During the Board’s investigation, Looney told the directors of a “small number of historical relationships with colleagues prior to becoming CEO.” The Board’s review of the information concluded no breach of the Company’s Code of Conduct had occurred. At that time, the Board was given assurances by Looney about the details of these relationships and his future behavior. Recently, another anonymous source provided information questioning Looney’s assurances that reopened the investigation that is reportedly still ongoing. We assume the ongoing investigation is involved in helping the Board determine what compensation is owed to Looney.
As the BP press release stated: “Mr. Looney has today informed the Company that he now accepts that he was not fully transparent in his previous disclosures. He did not provide details of all relationships and accepts he was obligated to make more complete disclosure.”
According to Wikipedia, Looney married British life coach Jacqueline Hurst in October 2017. They separated in 2018 and divorced in 2019, three months before Looney became CEO. According to her 2021 book, in a chapter on anxiety, Hurst claims Looney only married her to get promoted at BP. She also said that he ended the marriage with a WhatsApp message.
At the time, The Sunday Times interviewed a friend of Looney’s who said, “He was briefly married during a period in which he wasn’t promoted. So, if he married her to get promoted, that didn’t seem to have worked. Maybe he divorced her to get promoted.”

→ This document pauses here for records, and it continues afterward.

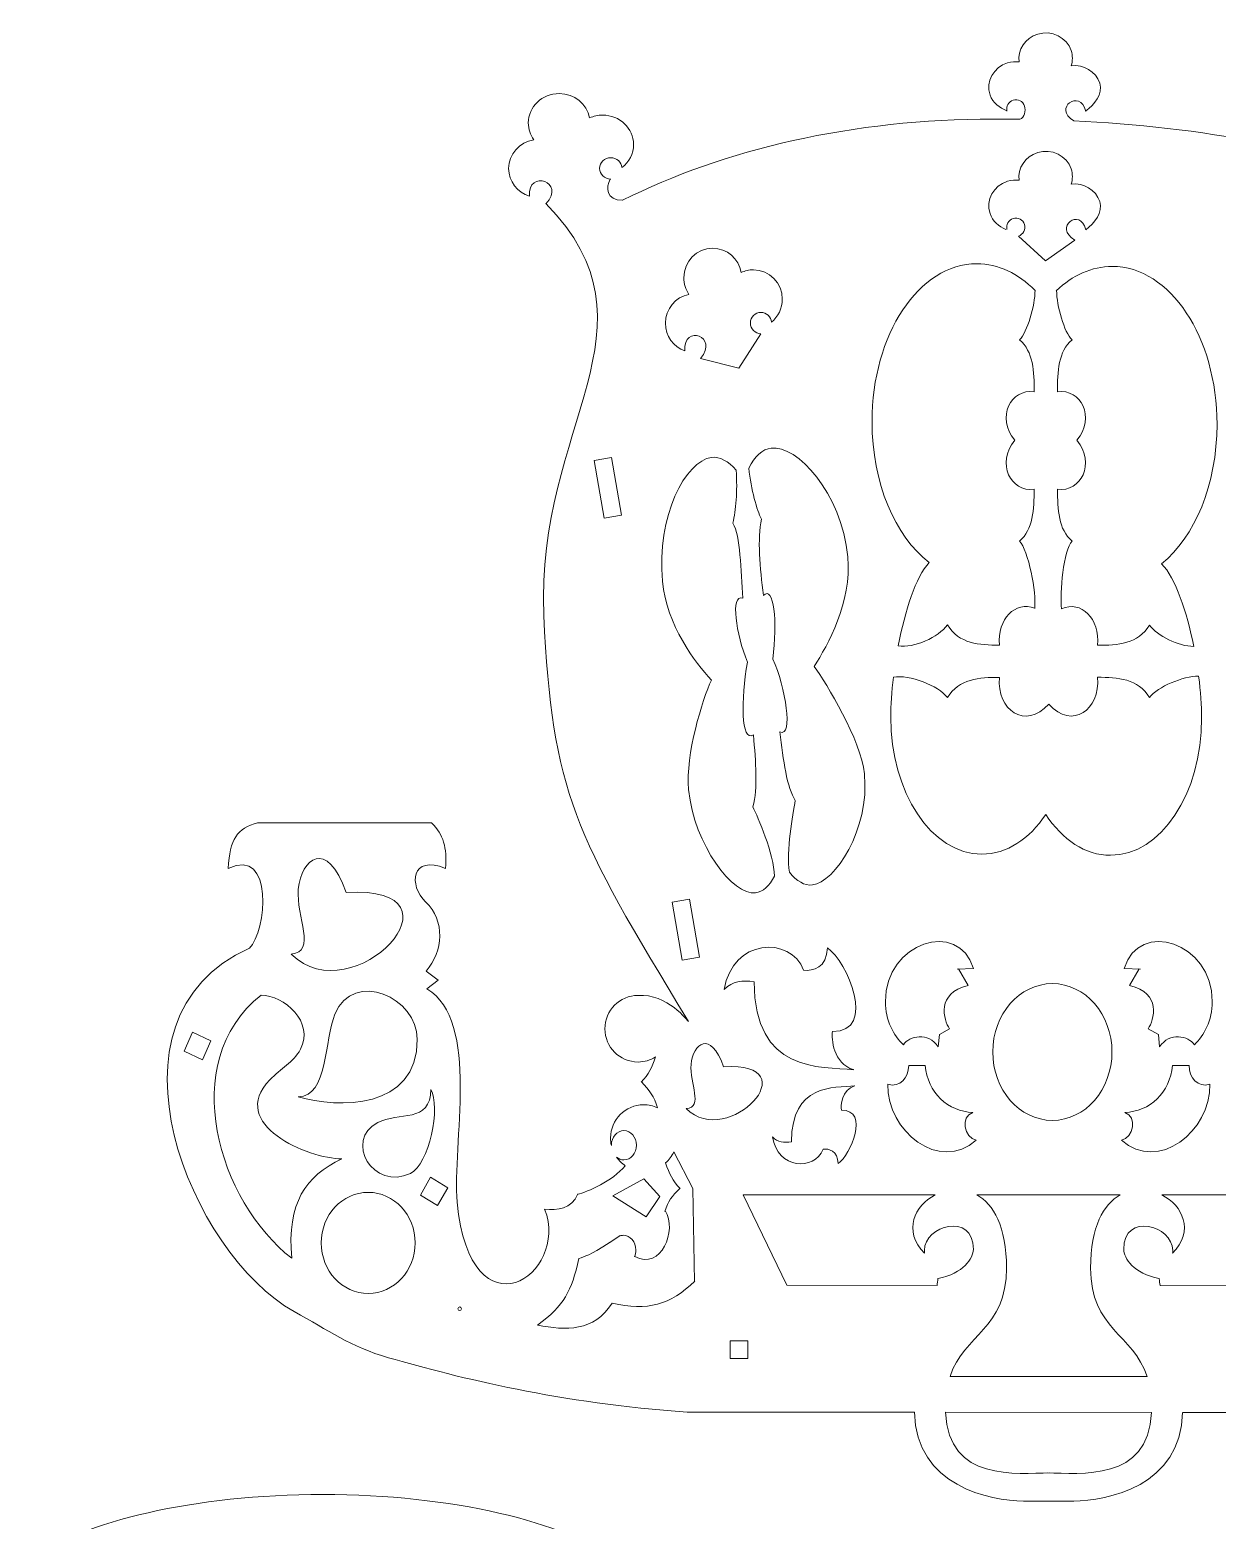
# Model space of a CAD drawing. Header units: centimetres. Extents: x 8.7 to 91.8, y -28.3 to 31.3.
# Drawn here: x 58.2 to 78.41, y 5.9 to 31.28 of the extents above; entities that cross this region are included whole.
import ezdxf

# ---------------------------------------------------------------- set-up
doc = ezdxf.new("R2010")
doc.units = ezdxf.units.CM
doc.header["$MEASUREMENT"] = 0
doc.layers.add('layer 1', color=7, linetype='Continuous')

msp = doc.modelspace()

# ---------------------------------------------------------------- linework, layer by layer
at = {"layer": 'layer 1', "color": 250, "lineweight": 9}
msp.add_lwpolyline([(70.1204, 8.65265), (70.42038, 8.65265), (70.42038, 8.95265), (70.1204, 8.95265), (70.1204, 8.65265)], close=True, dxfattribs=at)
for centre, major_axis, ratio in [((75.60772, 13.87048), (0, 1.1642), 0.87191204), ((63.96024, 10.61977), (0, 0.86002), 0.93008302), ((65.51841, 9.49782), (0, 0.03112), 0.96722365)]:
    msp.add_ellipse(centre, major_axis=major_axis, ratio=ratio, dxfattribs=at)
for points, knots in [([(75.04214, 30.73075), (75.01413, 30.93559), (75.1435, 31.13758), (75.35736, 31.20329), (75.35736, 31.20329), (75.597, 31.27693), (75.85211, 31.15167), (75.92709, 30.92358), (75.92709, 30.92358), (75.95572, 30.83649), (75.95396, 30.74695), (75.92748, 30.66545)], [0, 0, 0, 0, 0.25, 0.25, 0.25, 0.25, 0.5, 0.5, 0.5, 0.5, 1, 1, 1, 1]), ([(74.83503, 29.89877), (74.7101, 29.94374), (74.5899, 30.03577), (74.54684, 30.16678), (74.54684, 30.16678), (74.47186, 30.39486), (74.60535, 30.63954), (74.84498, 30.71317), (74.84498, 30.71317), (74.91087, 30.73342), (74.97797, 30.7386), (75.04213, 30.73077)], [0, 0, 0, 0, 0.25, 0.25, 0.25, 0.25, 0.5, 0.5, 0.5, 0.5, 1, 1, 1, 1]), ([(75.92748, 30.66545), (76.14021, 30.69097), (76.34737, 30.56968), (76.41365, 30.36803), (76.41365, 30.36803), (76.47303, 30.18742), (76.32516, 30.00054), (76.17384, 29.89228)], [0, 0, 0, 0, 0.33333333, 0.33333333, 0.33333333, 0.33333333, 1, 1, 1, 1]), ([(67.72927, 29.77705), (67.68599, 30.01192), (67.47058, 30.19044), (67.21148, 30.19044), (67.21148, 30.19044), (66.92115, 30.19044), (66.68576, 29.96635), (66.68576, 29.69002), (66.68576, 29.69002), (66.68576, 29.58451), (66.72007, 29.48658), (66.77869, 29.40585)], [0, 0, 0, 0, 0.25, 0.25, 0.25, 0.25, 0.5, 0.5, 0.5, 0.5, 1, 1, 1, 1]), ([(75.05145, 29.75461), (75.1328, 29.78134), (75.15776, 29.89565), (75.13234, 29.97831), (75.13234, 29.97831), (75.10693, 30.06097), (75.02033, 30.10634), (74.93898, 30.07961), (74.93898, 30.07961), (74.86164, 30.0542), (74.81682, 29.97271), (74.83448, 29.89367)], [0, 0, 0, 0, 0.25, 0.25, 0.25, 0.25, 0.5, 0.5, 0.5, 0.5, 1, 1, 1, 1]), ([(68.27939, 28.93191), (68.40059, 29.02363), (68.47827, 29.16524), (68.47827, 29.32395), (68.47827, 29.32395), (68.47827, 29.60028), (68.24288, 29.82437), (67.95257, 29.82437), (67.95257, 29.82437), (67.87274, 29.82437), (67.79703, 29.80738), (67.72927, 29.77707)], [0, 0, 0, 0, 0.25, 0.25, 0.25, 0.25, 0.5, 0.5, 0.5, 0.5, 1, 1, 1, 1]), ([(68.28963, 28.37339), (70.01211, 29.23888), (72.2104, 29.75795), (74.60497, 29.75795), (74.60497, 29.75795), (74.75394, 29.75795), (74.90543, 29.75686), (75.05897, 29.75452)], [0, 0, 0, 0, 0.33333333, 0.33333333, 0.33333333, 0.33333333, 1, 1, 1, 1]), ([(66.77869, 29.40585), (66.53538, 29.36201), (66.35131, 29.1585), (66.35131, 28.9142), (66.35131, 28.9142), (66.35131, 28.69539), (66.49894, 28.50929), (66.7046, 28.44132)], [0, 0, 0, 0, 0.33333333, 0.33333333, 0.33333333, 0.33333333, 1, 1, 1, 1]), ([(75.04214, 28.71449), (75.01413, 28.91933), (75.1435, 29.12132), (75.35736, 29.18704), (75.35736, 29.18704), (75.597, 29.26068), (75.85211, 29.13541), (75.92709, 28.90733), (75.92709, 28.90733), (75.95572, 28.82023), (75.95396, 28.7307), (75.92748, 28.64919)], [0, 0, 0, 0, 0.25, 0.25, 0.25, 0.25, 0.5, 0.5, 0.5, 0.5, 1, 1, 1, 1]), ([(68.08917, 28.73606), (67.9838, 28.73606), (67.89835, 28.81728), (67.89835, 28.91742), (67.89835, 28.91742), (67.89835, 29.01757), (67.9838, 29.09879), (68.08917, 29.09879), (68.08917, 29.09879), (68.18935, 29.09879), (68.27155, 29.02531), (68.27937, 28.93196)], [0, 0, 0, 0, 0.25, 0.25, 0.25, 0.25, 0.5, 0.5, 0.5, 0.5, 1, 1, 1, 1]), ([(74.81737, 27.87737), (74.69245, 27.92234), (74.5899, 28.01952), (74.54684, 28.15052), (74.54684, 28.15052), (74.47186, 28.37861), (74.60535, 28.62328), (74.84498, 28.69691), (74.84498, 28.69691), (74.91087, 28.71716), (74.97797, 28.72234), (75.04213, 28.71451)], [0, 0, 0, 0, 0.25, 0.25, 0.25, 0.25, 0.5, 0.5, 0.5, 0.5, 1, 1, 1, 1]), ([(75.92748, 28.64919), (76.14021, 28.67472), (76.34737, 28.55342), (76.41365, 28.35178), (76.41365, 28.35178), (76.47303, 28.17116), (76.32611, 27.98011), (76.1748, 27.87184)], [0, 0, 0, 0, 0.33333333, 0.33333333, 0.33333333, 0.33333333, 1, 1, 1, 1]), ([(66.98653, 28.31811), (69.05034, 26.20015), (66.80123, 24.54238), (66.95015, 21.30259), (66.95015, 21.30259), (67.08874, 18.28761), (67.47215, 17.58762), (69.41087, 14.3895)], [0, 0, 0, 0, 0.33333333, 0.33333333, 0.33333333, 0.33333333, 1, 1, 1, 1]), ([(75.03104, 27.76395), (75.1124, 27.79068), (75.15776, 27.87939), (75.13234, 27.96206), (75.13234, 27.96206), (75.10693, 28.04472), (75.02033, 28.09008), (74.93898, 28.06336), (74.93898, 28.06336), (74.86164, 28.03795), (74.81682, 27.95645), (74.83448, 27.87741)], [0, 0, 0, 0, 0.25, 0.25, 0.25, 0.25, 0.5, 0.5, 0.5, 0.5, 1, 1, 1, 1]), ([(75.03105, 27.76395), (75.03105, 27.76395), (75.49168, 27.34012), (75.49168, 27.34012), (75.49168, 27.34012), (75.49168, 27.34012), (75.98908, 27.69725), (75.98908, 27.69725)], [0, 0, 0, 0, 0.33333333, 0.33333333, 0.33333333, 0.33333333, 1, 1, 1, 1]), ([(70.30945, 27.14324), (70.26897, 27.37811), (70.06748, 27.55663), (69.82513, 27.55663), (69.82513, 27.55663), (69.55356, 27.55663), (69.33338, 27.33254), (69.33338, 27.05621), (69.33338, 27.05621), (69.33338, 26.9507), (69.36548, 26.85277), (69.42031, 26.77204)], [0, 0, 0, 0, 0.25, 0.25, 0.25, 0.25, 0.5, 0.5, 0.5, 0.5, 1, 1, 1, 1]), ([(70.82402, 26.29811), (70.93738, 26.38983), (71.01005, 26.53143), (71.01005, 26.69014), (71.01005, 26.69014), (71.01005, 26.96647), (70.78986, 27.19056), (70.51832, 27.19056), (70.51832, 27.19056), (70.44365, 27.19056), (70.37283, 27.17358), (70.30945, 27.14327)], [0, 0, 0, 0, 0.25, 0.25, 0.25, 0.25, 0.5, 0.5, 0.5, 0.5, 1, 1, 1, 1]), ([(75.31251, 26.84026), (75.02895, 27.12681), (74.6879, 27.29397), (74.32105, 27.29397), (74.32105, 27.29397), (73.33601, 27.29397), (72.53718, 26.08913), (72.53718, 24.60343), (72.53718, 24.60343), (72.53718, 23.55767), (72.93297, 22.65101), (73.5109, 22.20578)], [0, 0, 0, 0, 0.25, 0.25, 0.25, 0.25, 0.5, 0.5, 0.5, 0.5, 1, 1, 1, 1]), ([(77.46812, 22.18419), (78.02907, 22.63768), (78.41069, 23.5304), (78.41069, 24.55724), (78.41069, 24.55724), (78.41069, 26.04294), (77.61186, 27.24778), (76.62682, 27.24778), (76.62682, 27.24778), (76.27691, 27.24778), (75.95044, 27.09573), (75.67496, 26.83302)], [0, 0, 0, 0, 0.25, 0.25, 0.25, 0.25, 0.5, 0.5, 0.5, 0.5, 1, 1, 1, 1]), ([(69.42031, 26.77204), (69.19272, 26.7282), (69.02055, 26.52469), (69.02055, 26.2804), (69.02055, 26.2804), (69.02055, 26.06158), (69.15864, 25.87548), (69.35101, 25.80751)], [0, 0, 0, 0, 0.33333333, 0.33333333, 0.33333333, 0.33333333, 1, 1, 1, 1]), ([(75.31254, 26.8441), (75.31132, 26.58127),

For the second time in two decades, BP has lost its CEO over undisclosed personal relationships that question honesty and judgment. It also raises questions about the integrity of the Board’s CEO search process. Interestingly, the other CEO, Lord John Brown, had his previously undisclosed personal relationship publicized by a London newspaper. Some investors are wondering whether another judgment issue is playing a greater role in Looney’s departure than his dalliances. This question underlays a recent Wall Street Journal article about BP’s future strategy.